There is a dedicated section to help you troubleshoot this issue.

If changing the configuration is not possible, you may fall back to two options:

ctimer profiling mode

It is similar to cpu mode, but does not require perf_events support. As a drawback, there will be no kernel stack traces.

cd /path/to/async-profiler-directory/bin
./asprof -e  ctimer -f cpu-ctimer.html <pid>

itimer profiling mode.

Both cpu and itimer mode measure the CPU time spent by the running threads. itimer mode is based on setitimer(ITIMER_PROF) syscall, which [ideally] generates a signal every given interval of the CPU time consumed by the process. Clarify samples count between -e cpu and -e itimer

cd /path/to/async-profiler-directory/bin
./asprof -e  itimer -f cpu-itimer.html <pid>
With JDK Flight Recorder Run again profiling :
jcmd $WORKSHOP_PID JFR.start filename=cpu.jfr duration=60s settings=cpu-sample.jfc

Have a look at "Automated analysis results" for methods profiling and open flamegraph for method profiling for in JMC

Important

❓ Generate all the flamgraph and analyze the results.

Confirm that CPU consumption impact method execution time with JDK Flight Recorder Run again profiling :
jcmd $WORKSHOP_PID JFR.start filename=cpu-timing.jfr duration=60s settings=cpu-sample.jfc method-timing=java.util.concurrent.atomic.AtomicLong\;workshop.asyncprofiler.book.BookController

Then :

jfr view method-timing cpu-timing.jfr

Multiple Events (optional)

It's possible to profile multiple events at the same time. For example, you can profile CPU, allocations and locks at the same time. You may choose any other execution event instead of CPU, like wall-clock.

The only outpout format that supports multiple events is JFR.

Let's profile the application:

cd /path/to/async-profiler-directory/bin
./asprof -e wall,alloc,lock -f profile.jfr <pid>

Then, you can open the JFR file using Java Mission Control

JMC Memory

Resources

Here's a list of resources that helped me built this workshop.

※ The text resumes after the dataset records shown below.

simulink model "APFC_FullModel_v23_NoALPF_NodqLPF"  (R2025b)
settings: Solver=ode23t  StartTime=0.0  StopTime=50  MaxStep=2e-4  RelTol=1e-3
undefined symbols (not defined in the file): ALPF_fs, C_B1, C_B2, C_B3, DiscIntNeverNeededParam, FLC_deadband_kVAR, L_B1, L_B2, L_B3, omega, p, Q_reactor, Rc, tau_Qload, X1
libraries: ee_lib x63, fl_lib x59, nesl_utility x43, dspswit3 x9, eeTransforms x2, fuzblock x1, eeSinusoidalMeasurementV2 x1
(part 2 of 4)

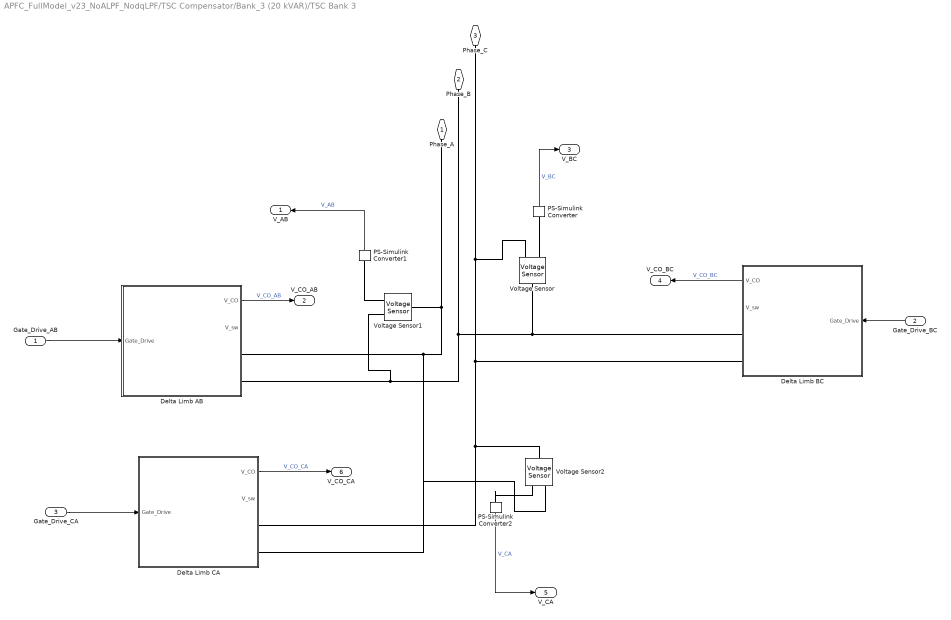
== system APFC_FullModel_v23_NoALPF_NodqLPF/TSC Compensator/Bank_3 (20 kVAR)/TSC Bank 3 ==
  Gate_Drive_AB : Inport
  Gate_Drive_BC : Inport  Port=2
  Gate_Drive_CA : Inport  Port=3
  Delta Limb AB : Subsystem  mask{C_val=C_B3, L_val=L_B3, Rd_val=100e3}
      mask prompts: C_val "Capacitance (F)"; L_val "Inductance (H)"; Rd_val "Discharge Resistance (Ohm)"
      mask help:
      | Delta limb of a three-phase delta-connected TSC bank.
      | Contains: anti-parallel thyristor pair, detuning reactor (L_val,
      | R_series = omega*L_val/Q_reactor), shunt capacitor (C_val), parallel discharge
      | resistor (Rd_val), RC snubber (100 Ohm, 0.1 uF).
      |
      | Output signals:
      | V_sw: instantaneous voltage across the anti-parallel thyristor pair.
      | Used as a diagnostic signal to verify transient-free switching.
      | At the moment of firing, V_sw should be at or near zero. After
      | turn-off, V_sw reflects the difference between the line-to-line
      | source voltage and the capacitor voltage V_C0.
      |
      | V_C0: instantaneous voltage across the shunt capacitor. Fed
      | externally to the ZCD comparator as the residual capacitor voltage
      | reference for voltage-matched firing on subsequent switching events.
      |
      | ZCD logic and gate drive signals are external to this subsystem.
      | Default values correspond to Bank 3 (20 kVAR) at 415 V / 50 Hz
      | with 6% detuning factor. Parameter values for Bank 1 (5 kVAR) and
      | Bank 2 (10 kVAR) are assigned by editing the mask dialog at
      | instantiation.
  Delta Limb BC : Subsystem  mask{C_val=C_B3, L_val=L_B3, Rd_val=100e3}
      mask prompts: C_val "Capacitance (F)"; L_val "Inductance (H)"; Rd_val "Discharge Resistance (Ohm)"
      mask help:
      | Delta limb of a three-phase delta-connected TSC bank.
      | Contains: anti-parallel thyristor pair, detuning reactor (L_val,
      | R_series = omega*L_val/Q_reactor), shunt capacitor (C_val), parallel discharge
      | resistor (Rd_val), RC snubber (100 Ohm, 0.1 uF).
      |
      | Output signals:
      | V_sw: instantaneous voltage across the anti-parallel thyristor pair.
      | Used as a diagnostic signal to verify transient-free switching.
      | At the moment of firing, V_sw should be at or near zero. After
      | turn-off, V_sw reflects the difference between the line-to-line
      | source voltage and the capacitor voltage V_C0.
      |
      | V_C0: instantaneous voltage across the shunt capacitor. Fed
      | externally to the ZCD comparator as the residual capacitor voltage
      | reference for voltage-matched firing on subsequent switching events.
      |
      | ZCD logic and gate drive signals are external to this subsystem.
      | Default values correspond to Bank 3 (20 kVAR) at 415 V / 50 Hz
      | with 6% detuning factor. Parameter values for Bank 1 (5 kVAR) and
      | Bank 2 (10 kVAR) are assigned by editing the mask dialog at
      | instantiation.
  Delta Limb CA : Subsystem  mask{C_val=C_B3, L_val=L_B3, Rd_val=100e3}
      mask prompts: C_val "Capacitance (F)"; L_val "Inductance (H)"; Rd_val "Discharge Resistance (Ohm)"
      mask help:
      | Delta limb of a three-phase delta-connected TSC bank.
      | Contains: anti-parallel thyristor pair, detuning reactor (L_val,
      | R_series = omega*L_val/Q_reactor), shunt capacitor (C_val), parallel discharge
      | resistor (Rd_val), RC snubber (100 Ohm, 0.1 uF).
      |
      | Output signals:
      | V_sw: instantaneous voltage across the anti-parallel thyristor pair.
      | Used as a diagnostic signal to verify transient-free switching.
      | At the moment of firing, V_sw should be at or near zero. After
      | turn-off, V_sw reflects the difference between the line-to-line
      | source voltage and the capacitor voltage V_C0.
      |
      | V_C0: instantaneous voltage across the shunt capacitor. Fed
      | externally to the ZCD comparator as the residual capacitor voltage
      | reference for voltage-matched firing on subsequent switching events.
      |
      | ZCD logic and gate drive signals are external to this subsystem.
      | Default values correspond to Bank 3 (20 kVAR) at 415 V / 50 Hz
      | with 6% detuning factor. Parameter values for Bank 1 (5 kVAR) and
      | Bank 2 (10 kVAR) are assigned by editing the mask dialog at
      | instantiation.
  PS-Simulink Converter : nesl_utility/PS-Simulink Converter  PhysicalDomain=network_engine_domain  SubClassName=ps_output  LeftPortType=input  RightPortType=output  PseudoPeriodic=off  Frequencies=[]  VectorFormat=inherit  Unit=inherit  AffineConversion=off
  PS-Simulink Converter1 : nesl_utility/PS-Simulink Converter  PhysicalDomain=network_engine_domain  SubClassName=ps_output  LeftPortType=input  RightPortType=output  PseudoPeriodic=off  Frequencies=[]  VectorFormat=inherit  Unit=inherit  AffineConversion=off
  PS-Simulink Converter2 : nesl_utility/PS-Simulink Converter  PhysicalDomain=network_engine_domain  SubClassName=ps_output  LeftPortType=input  RightPortType=output  PseudoPeriodic=off  Frequencies=[]  VectorFormat=inherit  Unit=inherit  AffineConversion=off
  Voltage Sensor : fl_lib/Electrical/Electrical Sensors/Voltage Sensor
  Voltage Sensor1 : fl_lib/Electrical/Electrical Sensors/Voltage Sensor
  Voltage Sensor2 : fl_lib/Electrical/Electrical Sensors/Voltage Sensor
  Phase_A : PMIOPort  Side=Left
  Phase_B : PMIOPort  Port=2  Side=Left
  Phase_C : PMIOPort  Port=3  Side=Left
  V_AB : Outport
  V_CO_AB : Outport  Port=2
  V_BC : Outport  Port=3
  V_CO_BC : Outport  Port=4
  V_CA : Outport  Port=5
  V_CO_CA : Outport  Port=6
  wires:
  Delta Limb BC/1(V_CO) -> V_CO_BC/1  "V_CO_BC"
  PS-Simulink Converter/1 -> V_BC/1  "V_BC"
  Gate_Drive_CA/1 -> Delta Limb CA/1(Gate_Drive)
  PS-Simulink Converter1/1 -> V_AB/1  "V_AB"
  Delta Limb AB/1(V_CO) -> V_CO_AB/1  "V_CO_AB"
  Delta Limb CA/1(V_CO) -> V_CO_CA/1  "V_CO_CA"
  Gate_Drive_BC/1 -> Delta Limb BC/1(Gate_Drive)
  Gate_Drive_AB/1 -> Delta Limb AB/1(Gate_Drive)
  PS-Simulink Converter2/1 -> V_CA/1  "V_CA"
  connections:
  Delta Limb BC/RConn1 -- Voltage Sensor/LConn1 -- Phase_B/RConn1 -- Voltage Sensor1/RConn2 -- Delta Limb AB/RConn2
  Voltage Sensor1/RConn1 -- PS-Simulink Converter1/LConn1
  PS-Simulink Converter2/LConn1 -- Voltage Sensor2/RConn1
  Voltage Sensor/RConn2 -- Phase_C/RConn1 -- Delta Limb BC/RConn2 -- Voltage Sensor2/LConn1 -- Delta Limb CA/RConn1
  Voltage Sensor/RConn1 -- PS-Simulink Converter/LConn1
  Voltage Sensor1/LConn1 -- Phase_A/RConn1 -- Voltage Sensor2/RConn2 -- Delta Limb CA/RConn2 -- Delta Limb AB/RConn1

== system APFC_FullModel_v23_NoALPF_NodqLPF/TSC Compensator/Bank_3 (20 kVAR)/ZCD Bank 3 ==
  V_AB : Inport
  V_CO_AB : Inport  Port=2
  V_BC : Inport  Port=3
  V_CO_BC : Inport  Port=4
  V_CA : Inport  Port=5
  V_CO_CA : Inport  Port=6
  Enable : Inport  Port=7
  ZCD AB : Subsystem
      mask help:
      | Zero-Crossing Detection (ZCD) subsystem for one delta limb of a
      | three-phase delta-connected TSC bank.
      |
      | Implements voltage-matched firing logic for transient-free
      | thyristor switching.
      |
      | Inputs:
      | V_source: instantaneous line-to-line voltage for this limb,
      | fed through a Unit Delay (T_s = 0.0001 s) to the comparator.
      |
      | V_C0: residual capacitor voltage from the corresponding
      | Delta_Limb instance, fed through a Unit Delay (T_s = 0.0001 s)
      | to the comparator.
      |
      | Enable: FLC switching command (S = 1 to arm, S = 0 to inhibit).
      | Set to Constant = 1 for open-loop testing.
      |
      | Output:
      | Gate_drive: firing pulse issued when V_source >= V_C0 on a
      | rising edge, AND Enable = 1. Fed to the Gate_drive inport of
      | the corresponding Delta_Limb instance.
      |
      | Internal blocks: Unit Delay (x2), Relational Operator (>=),
      | Zero-Order Hold (T_s = 0.0001 s), Edge Detector (rising edge),
      | AND gate.
      |
      | One instance required per delta limb: ZCD_AB, ZCD_BC, ZCD_CA.
  ZCD BC : Subsystem
      mask help:
      | Zero-Crossing Detection (ZCD) subsystem for one delta limb of a
      | three-phase delta-connected TSC bank.
      |
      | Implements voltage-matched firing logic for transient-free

More about JFC sample file for JFR

JDK FLight Recorder works by recording many events emitted by the JVM and the application. Many events like creating a new instance of a class, calling a method, starting a GC or reading bytes from a file are predefined in JDK. A settings file sets events enabled for each recording. Two setting files exist in the JDK :

  1. lib/jfr/default.jfc : for current profiling: record fewer events with lower sample rate but with a lower overhead which is acceptable for production use: this is the enabled default
  2. lib/jfr/profile.jfc : it records more events at a higher rate for diagnosis profiling with higher overhead

One can write its own setting file from default.jfc or profile.jfc for a particular use: this is what we did for this workshop: we derived the cpu-sample.jfc from profile.jfc :

  • Events disabled for security (avoid potential sensitive data or configuration leaks) :
    • jdk.InitialSystemProperty
    • jdk.SystemProcess
    • jdk.InitialEnvironmentVariable
    • jdk.InitialSecurityProperty
  • Event enabled for performance sample purpose: jdk.CPUTimeSample with a throttle of 2 ms

Recording can also be configured with command line: that is what we did when we run commands such as jcmd $WORKSHOP_PID JFR.start filename=wall-timing.jfr duration=60s settings=cpu-sample.jfc method-timing=workshop.asyncprofiler.book.BookController which also enable event jdk.MethodTiming for timing all calls to the methods of the class BookController: this kind of recording settings, in particular if you time many methods' execution, may have a significant additional overhead.